My test software was developed for use in environmental tests with LTO drives in hope that I would be able to see when drive performance was beginning to deteriorate. Data transfer rates can reveal a lot of information--especially when a drive is able to operate through an external event with a minimal drop in data throughput. However, error counts are another parameter that can be watched to monitor the drive for failures. With the HP drives I have been using, monitoring error rates has been less useful because they seem to accumulate logged errors in even the most ideal operating environments. (Please do not think that I am using damaged hardware--I have seen this behavior out of the box.) This has led me to wonder if these errors are real, or if HP has implemented these error logs vastly different from other LTO manufacturers. (I do understand that you cannot make a direct comparison of these error counts.)

The upper half of my attached data shows the start of a long write transfer. Notice that errors begin to accumulate almost immediately after data has been written to the tape.

The lower half of my attached data is from the same write transfer--now after transferring more than 24 GB of data. I chose to include this portion of the transfer because it shows the appearance of a number in parameter 1 (write errors corrected with possible delay). As defined in the SCSI specification, this happened after a drop in throughput caused by an environmental shock pulse. This leads me to believe that this particular register (Parameter 1) has been implemented in your current firmware revision.

As for parameters 0 and 4, these numbers continue to grow throughout the entire transfer. The unfortunate thing is that at the time of my testing I did not collect data on the number of data sets written. Therefore, I cannot derive any percentages to compare with the acceptable values that you have given me. Maybe you can make an estimate based on the amount of data transferred?

Again, any information you can provide about these error counters would be much appreciated. Your products work as advertised--it was just alarming to see these large numbers when other drives have few to none. Now that I have this error data, it would be nice to have an explanation to account for these differences. Preferably, I would like to have an explanation more technical than "different vendor, different implementation."
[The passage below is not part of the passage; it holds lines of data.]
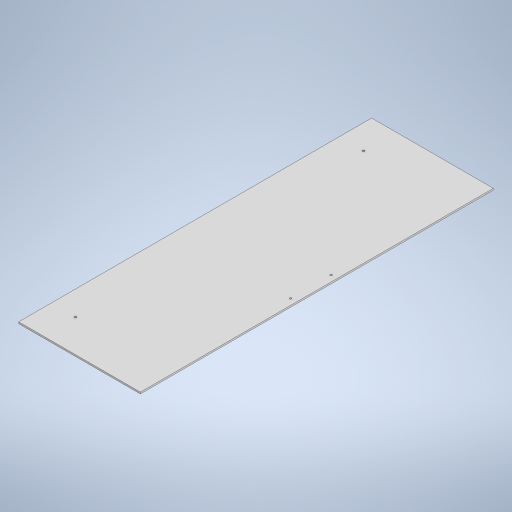
# Autodesk Inventor part: Нижняя полка
Saved by Autodesk Inventor 2023 (Build 270158000, 158)
## iProperties
Created: 2022-05-17
Part Number: Нижняя полка
Material: Типовые
Document SubType Name: Modeling
Designer: avkap
Density: 1 g/cm^3
Appearance: По умолчанию
Author: avkap
Autodesk Inventor part; units mm, degrees
ref_plane "YZ Plane" through (0, 0, 0) normal (1, 0, 0) x (0, 1, 0)
ref_plane "XZ Plane" through (0, 0, 0) normal (0, 1, 0) x (-1, 0, 0)
ref_plane "XY Plane" through (0, 0, 0) normal (0, 0, 1) x (1, 0, 0)
sketch "Эскиз1" plane through (0, 0, 0) normal (0, 1, 0) x (-1, 0, 0)
  line L0 (0, 0) -> (-650, 0)
  line L1 (-650, 0) -> (-650, -870)
  line L2 (-650, -870) -> (0, -870)
  line L3 (0, -870) -> (0, 0)
  line L4 (0, 0) -> (-300, 0)
  line L5 (0, -600) -> (0, 0)
  line L6 (0, -870) -> (-300, -870)
  line L7 (-300, -870) -> (-300, 0)
  line L8 (-300, 0) -> (0, 0)
  line L9 (0, 0) -> (0, -870)
  line L10 (0, 0) -> (-650, -870)
  line L11 (0, -870) -> (-650, 0)
  line L12 (-300, -435) -> (-285, -435)
  line L13 (-285, -435) -> (-285, -385)
  line L14 (-285, -385) -> (-285, -485)
  circle A0 centre (-285, -385) radius 2.5
  circle A1 centre (-285, -485) radius 2.5
  line L15 (0, 0) -> (-59.8526, -80.1104)
  line L16 (0, -870) -> (-59.8526, -789.8896)
  circle A2 centre (-59.8526, -789.8896) radius 2.5
  circle A3 centre (-59.8526, -80.1104) radius 2.5
  dimension "d0" = 650
  dimension "d1" = 870
  dimension "d4" = 15
  dimension "d5" = 50
  dimension "d6" = 100
  dimension "d7" = 5
  dimension "d8" = 5
  dimension "d9" = 100
  dimension "d10" = 100
  dimension "d11" = 5
  dimension "d12" = 5
  constraints: 34 end point, 4 centre point, 4 coincident, 4 horizontal, 4 parallel, 3 perpendicular, 3 point on line, 1 midpoint
  measures "d0" distance of L2.end L1.end
  measures "d1" distance of L1.end L0.end
  measures "d4" distance of L12.start L12.end
  measures "d5" distance of L12.end L13.end
  measures "d6" distance of L13.end L14.end
  measures "d7" diameter of A0
  measures "d8" diameter of A1
  measures "d9" distance of L8.end L15.end
  measures "d10" distance of L2.end L16.end
  measures "d11" diameter of A2
  measures "d12" diameter of A3
extrude "Выдавливание1" add sketch "Эскиз1" along normal blind 4 contours L10 A3 A0 L7 L0 | L3 L11 A2 A1 L14 L13 A0 L10 A3 | L10 A0 L13 L12 L7 | L2 L7 L11 A1 A2 | L12 L14 A1 L11 L7

I'm also open to the idea that maybe HP is more "honest" about the number of times error correction is invoked and it's really the other drives' firmware that is reporting low values. Again, I understand it's all about the implementation. However, if these numbers are something other than error counts, I would suggest that they be corrected, removed, or openly documented.

Let me know if you have any questions about my attached data.

Thanks again,
Brian
Richard Bickers
Trusted Contributor

Re: SCSI Log Sense -- Error Counter Pages

Hi Brian,

Very interesting data. You've got a neat test system going there.

I can derive number of datasets from the volume of data. It looks like you're using non-compressing data as the data rate levels out at 80MB/s which is the native rate of our Ultrium 960. Please let me know if this assumption is wrong.

The LTO3 dataset is 1.6MB so 24.5GB of data equates to 15,300 datasets. From this I'd expect less than 200 CCQ re-writes in a good drive (<~1%) though anything upto 4,000 would be reasonable but your figures are way higher than that. They're so high I'm getting the feeling there's something weird going on here.

I think it would help me if you could pull an LTT ticket and attach it to this thread. That will give me the full story on your drive and maybe I can work out what's going on here. I'll also go back to the firmware team and see if I'm missing something...

To pull an LTT ticket, install and run from www.hp.com/support/tapetools and then under the support tab hit 'view ticket' and then 'save as' with a name you choose. Please attach the .dat file that starts with your chosen name in the logs directory of the LTT install directory.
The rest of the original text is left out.